There was a second beyond it, where the Arabs still lingered, and for that again they went. But the enemy, the fight at last taken out of them, made but a feeble stand, and it was carried at the first onset. But what was that firing in their rear? Had a body of Soudanese lain concealed somewhere? Or had their dead come to life again? Neither.

One of the Gardner guns had been overturned into the limber containing its ammunition, and set fire to. This kept burning, hissing, and firing shots like a gigantic and malevolent cracker for a long time. But the Blue Jackets recovered the gun. When the victorious troops crowned the last ridge, the valley of Tamai lay below them, and there was spread the camp of Osman Digna, the object of their march, the prize for which they had been fighting. The enemy made no further attempt to defend it; they had proved to their cost that the Mahdi’s assurance that the infidel guns would “spit water” was a lie.

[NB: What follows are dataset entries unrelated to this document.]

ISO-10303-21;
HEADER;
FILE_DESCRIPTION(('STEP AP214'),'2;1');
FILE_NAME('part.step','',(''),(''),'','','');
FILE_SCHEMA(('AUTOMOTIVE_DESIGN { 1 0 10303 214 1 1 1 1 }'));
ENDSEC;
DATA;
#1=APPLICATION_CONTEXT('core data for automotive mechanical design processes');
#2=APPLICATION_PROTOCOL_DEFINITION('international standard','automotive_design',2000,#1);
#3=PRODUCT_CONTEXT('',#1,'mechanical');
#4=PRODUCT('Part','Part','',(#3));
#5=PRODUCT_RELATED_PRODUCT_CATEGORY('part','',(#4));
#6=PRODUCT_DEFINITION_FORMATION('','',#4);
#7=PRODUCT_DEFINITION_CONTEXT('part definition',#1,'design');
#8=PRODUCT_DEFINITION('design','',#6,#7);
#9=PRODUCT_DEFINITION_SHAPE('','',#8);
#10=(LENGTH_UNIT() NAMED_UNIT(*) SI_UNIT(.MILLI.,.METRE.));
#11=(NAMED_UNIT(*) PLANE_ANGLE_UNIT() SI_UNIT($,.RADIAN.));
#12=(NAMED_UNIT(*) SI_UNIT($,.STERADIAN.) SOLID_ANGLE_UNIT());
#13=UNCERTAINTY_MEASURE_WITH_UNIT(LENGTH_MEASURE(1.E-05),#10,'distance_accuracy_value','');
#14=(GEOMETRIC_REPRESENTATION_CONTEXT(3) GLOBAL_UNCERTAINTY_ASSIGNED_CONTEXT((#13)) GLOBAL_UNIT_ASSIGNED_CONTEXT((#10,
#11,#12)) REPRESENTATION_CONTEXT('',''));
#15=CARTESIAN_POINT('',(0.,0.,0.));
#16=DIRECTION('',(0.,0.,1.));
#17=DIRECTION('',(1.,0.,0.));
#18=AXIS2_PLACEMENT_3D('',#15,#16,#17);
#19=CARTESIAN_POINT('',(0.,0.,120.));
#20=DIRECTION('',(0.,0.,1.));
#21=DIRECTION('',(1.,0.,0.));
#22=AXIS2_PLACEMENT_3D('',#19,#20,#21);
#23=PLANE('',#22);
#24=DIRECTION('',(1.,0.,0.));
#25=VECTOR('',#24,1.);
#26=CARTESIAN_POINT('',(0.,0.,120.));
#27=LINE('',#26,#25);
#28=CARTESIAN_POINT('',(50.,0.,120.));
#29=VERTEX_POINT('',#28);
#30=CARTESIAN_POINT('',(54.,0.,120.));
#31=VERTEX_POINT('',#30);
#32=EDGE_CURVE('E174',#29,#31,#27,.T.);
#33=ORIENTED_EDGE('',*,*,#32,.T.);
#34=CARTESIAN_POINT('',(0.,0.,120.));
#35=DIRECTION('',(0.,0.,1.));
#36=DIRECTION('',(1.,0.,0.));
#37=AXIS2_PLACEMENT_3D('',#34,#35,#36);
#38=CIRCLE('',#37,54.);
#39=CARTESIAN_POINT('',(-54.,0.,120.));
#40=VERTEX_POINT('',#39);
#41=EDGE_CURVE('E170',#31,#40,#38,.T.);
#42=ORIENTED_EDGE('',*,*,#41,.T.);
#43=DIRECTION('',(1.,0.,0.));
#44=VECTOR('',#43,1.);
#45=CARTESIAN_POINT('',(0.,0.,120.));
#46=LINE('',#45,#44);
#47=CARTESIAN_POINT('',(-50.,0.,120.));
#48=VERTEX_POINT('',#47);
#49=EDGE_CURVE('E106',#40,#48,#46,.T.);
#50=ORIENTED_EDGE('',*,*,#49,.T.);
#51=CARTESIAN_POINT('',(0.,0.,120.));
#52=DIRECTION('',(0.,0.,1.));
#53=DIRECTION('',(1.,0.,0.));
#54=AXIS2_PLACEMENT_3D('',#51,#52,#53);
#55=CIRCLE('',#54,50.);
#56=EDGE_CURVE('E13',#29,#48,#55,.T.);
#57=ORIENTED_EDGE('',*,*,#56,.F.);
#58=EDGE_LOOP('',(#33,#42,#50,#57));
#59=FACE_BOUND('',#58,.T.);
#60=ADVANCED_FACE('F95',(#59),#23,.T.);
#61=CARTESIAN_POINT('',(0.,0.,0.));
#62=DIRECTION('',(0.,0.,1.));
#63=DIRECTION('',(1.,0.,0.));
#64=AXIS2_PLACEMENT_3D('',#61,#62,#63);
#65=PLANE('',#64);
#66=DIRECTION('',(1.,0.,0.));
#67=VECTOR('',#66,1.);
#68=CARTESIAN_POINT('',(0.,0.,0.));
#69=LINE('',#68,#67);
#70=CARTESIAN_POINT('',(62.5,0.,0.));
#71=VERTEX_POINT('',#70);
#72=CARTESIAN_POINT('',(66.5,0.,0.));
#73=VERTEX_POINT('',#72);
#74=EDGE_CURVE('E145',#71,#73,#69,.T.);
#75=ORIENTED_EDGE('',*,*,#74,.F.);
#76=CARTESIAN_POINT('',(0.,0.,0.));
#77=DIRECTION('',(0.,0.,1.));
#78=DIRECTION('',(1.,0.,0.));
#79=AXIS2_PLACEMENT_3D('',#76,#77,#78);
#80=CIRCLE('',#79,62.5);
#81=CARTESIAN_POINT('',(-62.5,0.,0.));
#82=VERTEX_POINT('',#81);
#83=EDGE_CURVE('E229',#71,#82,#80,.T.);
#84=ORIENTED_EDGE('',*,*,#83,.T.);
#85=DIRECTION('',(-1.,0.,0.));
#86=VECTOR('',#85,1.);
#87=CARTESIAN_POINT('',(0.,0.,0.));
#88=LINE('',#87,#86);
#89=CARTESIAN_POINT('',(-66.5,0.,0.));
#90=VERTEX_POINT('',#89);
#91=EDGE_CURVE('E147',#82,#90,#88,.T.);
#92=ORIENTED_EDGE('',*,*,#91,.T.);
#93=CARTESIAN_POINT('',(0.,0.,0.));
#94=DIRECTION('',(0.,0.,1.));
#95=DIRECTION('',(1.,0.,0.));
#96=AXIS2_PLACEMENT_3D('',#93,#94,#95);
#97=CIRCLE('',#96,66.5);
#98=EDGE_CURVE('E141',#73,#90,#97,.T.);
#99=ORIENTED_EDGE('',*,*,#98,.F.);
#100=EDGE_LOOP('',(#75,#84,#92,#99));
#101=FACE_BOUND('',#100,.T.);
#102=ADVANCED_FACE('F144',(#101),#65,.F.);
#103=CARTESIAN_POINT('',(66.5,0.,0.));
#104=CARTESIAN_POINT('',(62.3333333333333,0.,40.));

They were disheartened, beaten at all points, and hundreds of their best and bravest lay in heaps on the hills and in the valleys to feed the vultures and the jackals. It was no retreat such as they often made, stalking slowly and sullenly from the field where they had been foiled, but a disorderly flight, a rout.

The camp was left to the conquerors, with two standards, all their ammunition, tents, stores, and the spoils of former victories, and before noon the English, without fear of molestation, were slaking their thirst at the wells.